Maurice pleurait comme s’il était seul, comme s’il n’y avait pas tous ces yeux qui le dévisageaient. En tête à tête avec lui-même. Maurice, c’était notre voisin. Il n’avait pas eu d’enfants. Je l’avais souvent vu, après avoir reconduit tous les élèves chez eux, s’asseoir près de sa femme à l’ombre d’un jujubier, sur une banquette de bois, comme pour attendre la tombée du soir, en compagnie d’un poste de radio qui passait des chansons de Mohammed Abdelwahhab. Maurice était le premier adulte que je voyais pleurer sans retenue. Il n’essuyait pas ses larmes mais les laissait rouler sur ses joues, et des gouttes tombaient sur le volant du bus. Pleurer ainsi, ça ne se faisait pas, sauf dans quelques films d’amour que les grands élèves de l’école, lorsqu’ils séchaient les cours, allaient voir au cinéma Roxy. Dans le vaste rétroviseur, ses yeux verts étaient encore plus grands. Il pleurait, et nous, nous le regardions dans un silence absolu, qui nous permit de découvrir la quantité incroyable de grincements et de tremblements que produisait l’autobus chancelant de Maurice, vacarme que couvraient d’ordinaire nos cris ininterrompus.

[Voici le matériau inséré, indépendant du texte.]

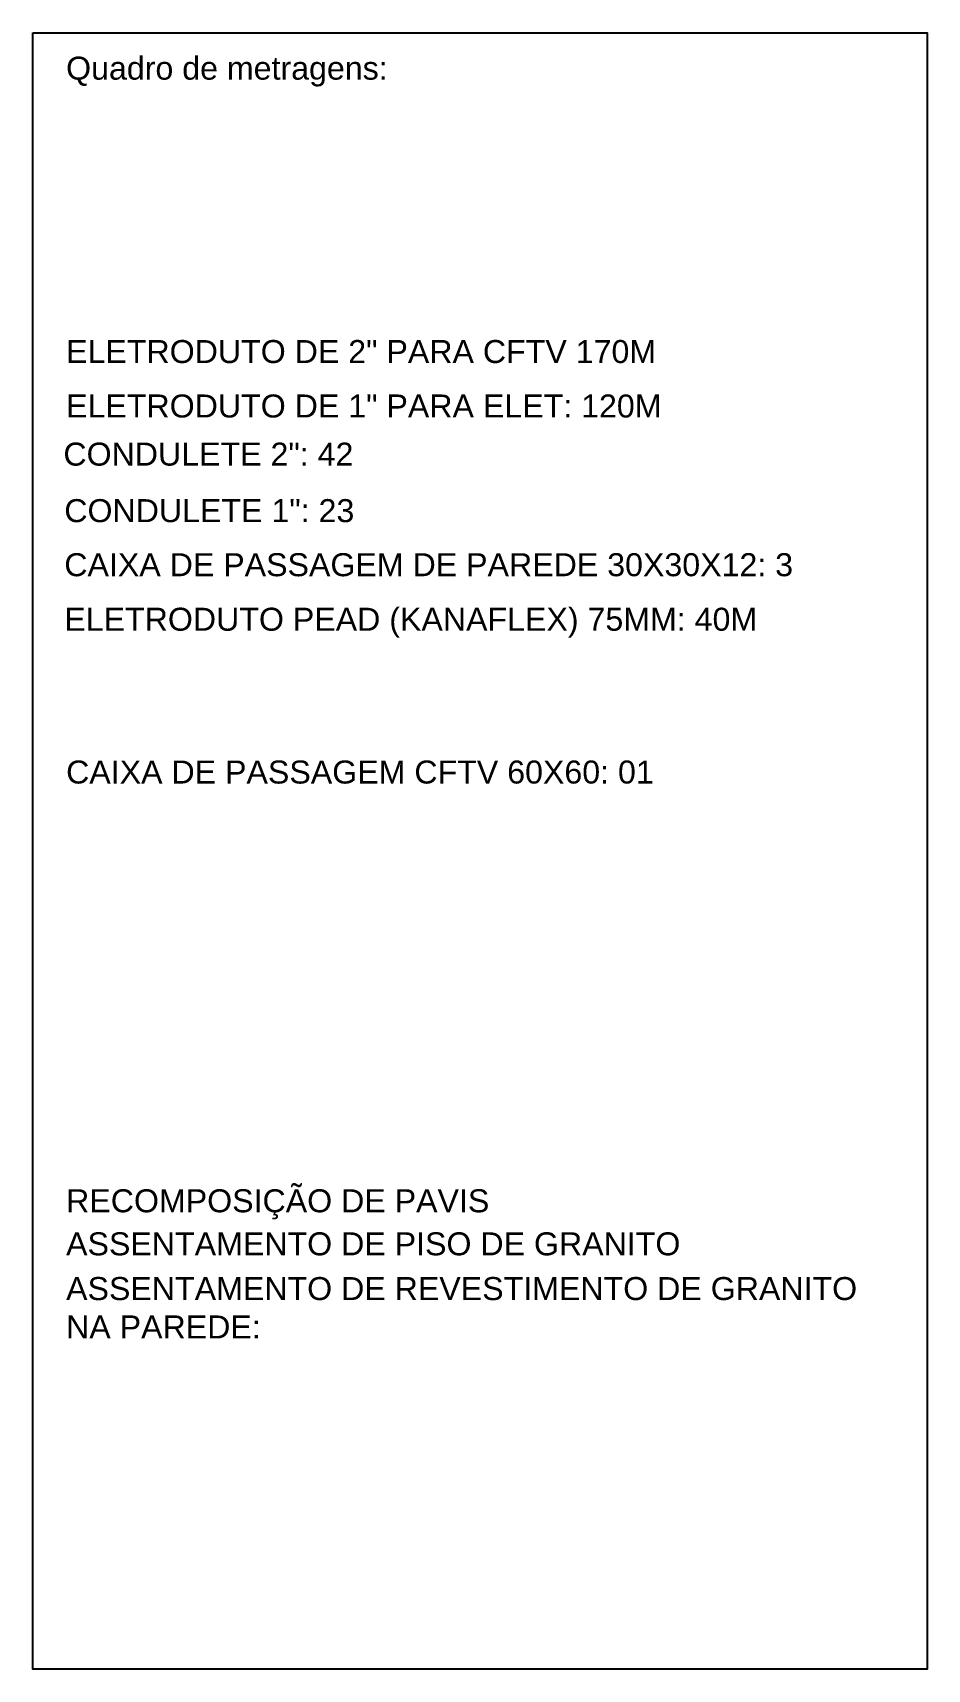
# Model space of a CAD drawing. Header units: millimetres. Extents: x -8 to 5830, y -596 to 3598.
# Drawn here: x 1003.9 to 1101.1, y 2210.4 to 2388.3 of the extents above; entities that cross this region are included whole.
import ezdxf

# ---------------------------------------------------------------- set-up
doc = ezdxf.new("R2010")
doc.units = ezdxf.units.MM
doc.layers.get('0').update_dxf_attribs({"color": 9})
doc.layers.add('INSTALAÇÕES', color=7, linetype='Continuous')
doc.styles.get("Standard").update_dxf_attribs({"font": 'arial.ttf'})

msp = doc.modelspace()

# ---------------------------------------------------------------- linework, layer by layer
at = {"color": 4}
msp.add_lwpolyline([(1003.928, 2388.281), (1101.127, 2388.281), (1101.127, 2210.42), (1003.928, 2210.42)], close=True, dxfattribs=at)

# ---------------------------------------------------------------- texts
at = {"layer": 'INSTALAÇÕES', "color": 7, "char_height": 2.5, "attachment_point": 1}
for s, insert in [('Quadro de metragens:', (1007.554, 2385.68)), ('ELETRODUTO DE 2" PARA CFTV 170M', (1007.554, 2354.882)), ('ELETRODUTO DE 1" PARA ELET: 120M', (1007.554, 2348.964)), ('CONDULETE 2": 42', (1007.259, 2343.734)), ('CONDULETE 1": 23', (1007.357, 2337.591)), ('CAIXA DE PASSAGEM DE PAREDE 30X30X12: 3', (1007.357, 2331.715)), ('ELETRODUTO PEAD (KANAFLEX) 75MM: 40M', (1007.357, 2325.789)), ('CAIXA DE PASSAGEM CFTV 60X60: 01', (1007.554, 2309.182)), ('RECOMPOSIÇÃO DE PAVIS', (1007.554, 2262.586)), ('ASSENTAMENTO DE PISO DE GRANITO', (1007.554, 2257.908)), ('ASSENTAMENTO DE REVESTIMENTO DE GRANITO^JNA PAREDE: ', (1007.554, 2253.046))]:
    msp.add_mtext_dynamic_manual_height_columns(s, width=91.6612, gutter_width=12.5, heights=[16.364], dxfattribs=dict(at, insert=insert))

doc.saveas('drawing.dxf')

Seule réussit à nous détourner de Maurice l’arrivée à la pente d’al-‘Akba, d’où l’on pouvait voir le village, massé au sommet de la colline, encore enveloppé d’un peu de ce brouillard blanc qui montait du fleuve. Après avoir ralenti, Maurice prit la descente dans les piaillements aigus des freins, et nous aperçûmes le pont de fer, avec la foule attroupée autour d’un tank, d’où dépassait le casque d’un soldat couvert d’une peinture de camouflage censée imiter les couleurs de la nature. Il n’y avait que des femmes et des soldats. Dans l’attroupement, je reconnus la sœur de ma mère. Elle était vêtue d’une robe rouge et ses cheveux étaient tout ébouriffés. La plupart des femmes étaient en noir. Me demandant pourquoi ils l’avaient envoyée me chercher, je supposai que mon père et ma mère étaient trop occupés par ce qui se passait pour venir. De loin, je la voyais croiser les bras sur sa poitrine, secouant nerveusement les épaules. Elles étaient une vingtaine de femmes serrées les unes contres les autres, ne formant qu’un seul bloc. Un petit groupe de soldats s’éparpillait au-dessus du pont et aux alentours. En descendant de l’autocar, nous entendîmes les conversations de deux soldats qui regardaient l’eau boueuse, fusil à l’épaule, l’un racontant à l’autre que la fonte des neiges avait tardé l’année dernière, que le fleuve avait débordé et emporté le pont de pierre, et comment on avait bâti à la place ce pont de fer. J’essayai d’interroger ma tante sur ce qui se passait, mais elle me fit taire, plaquant sa main sur ma bouche comme si je commettais une faute très grave. Le groupe des femmes s’ébranla, avec les écoliers, en direction du village. C’était un étrange convoi. Ma tante m’entraînait par la main. Je crois m’être souvent retourné pour savoir ce qu’allaient faire mes camarades que personne n’était venu chercher et qui restaient là à attendre avec les soldats. Personne n’était venu à la rencontre des deux étrangers. Sans doute leurs parents ne s’attendaient-ils pas à les voir rentrer à l’improviste. Sans savoir pourquoi, je m’inquiétais pour eux. Pourtant, je le savais bien, les étrangers n’ont pas à craindre le danger.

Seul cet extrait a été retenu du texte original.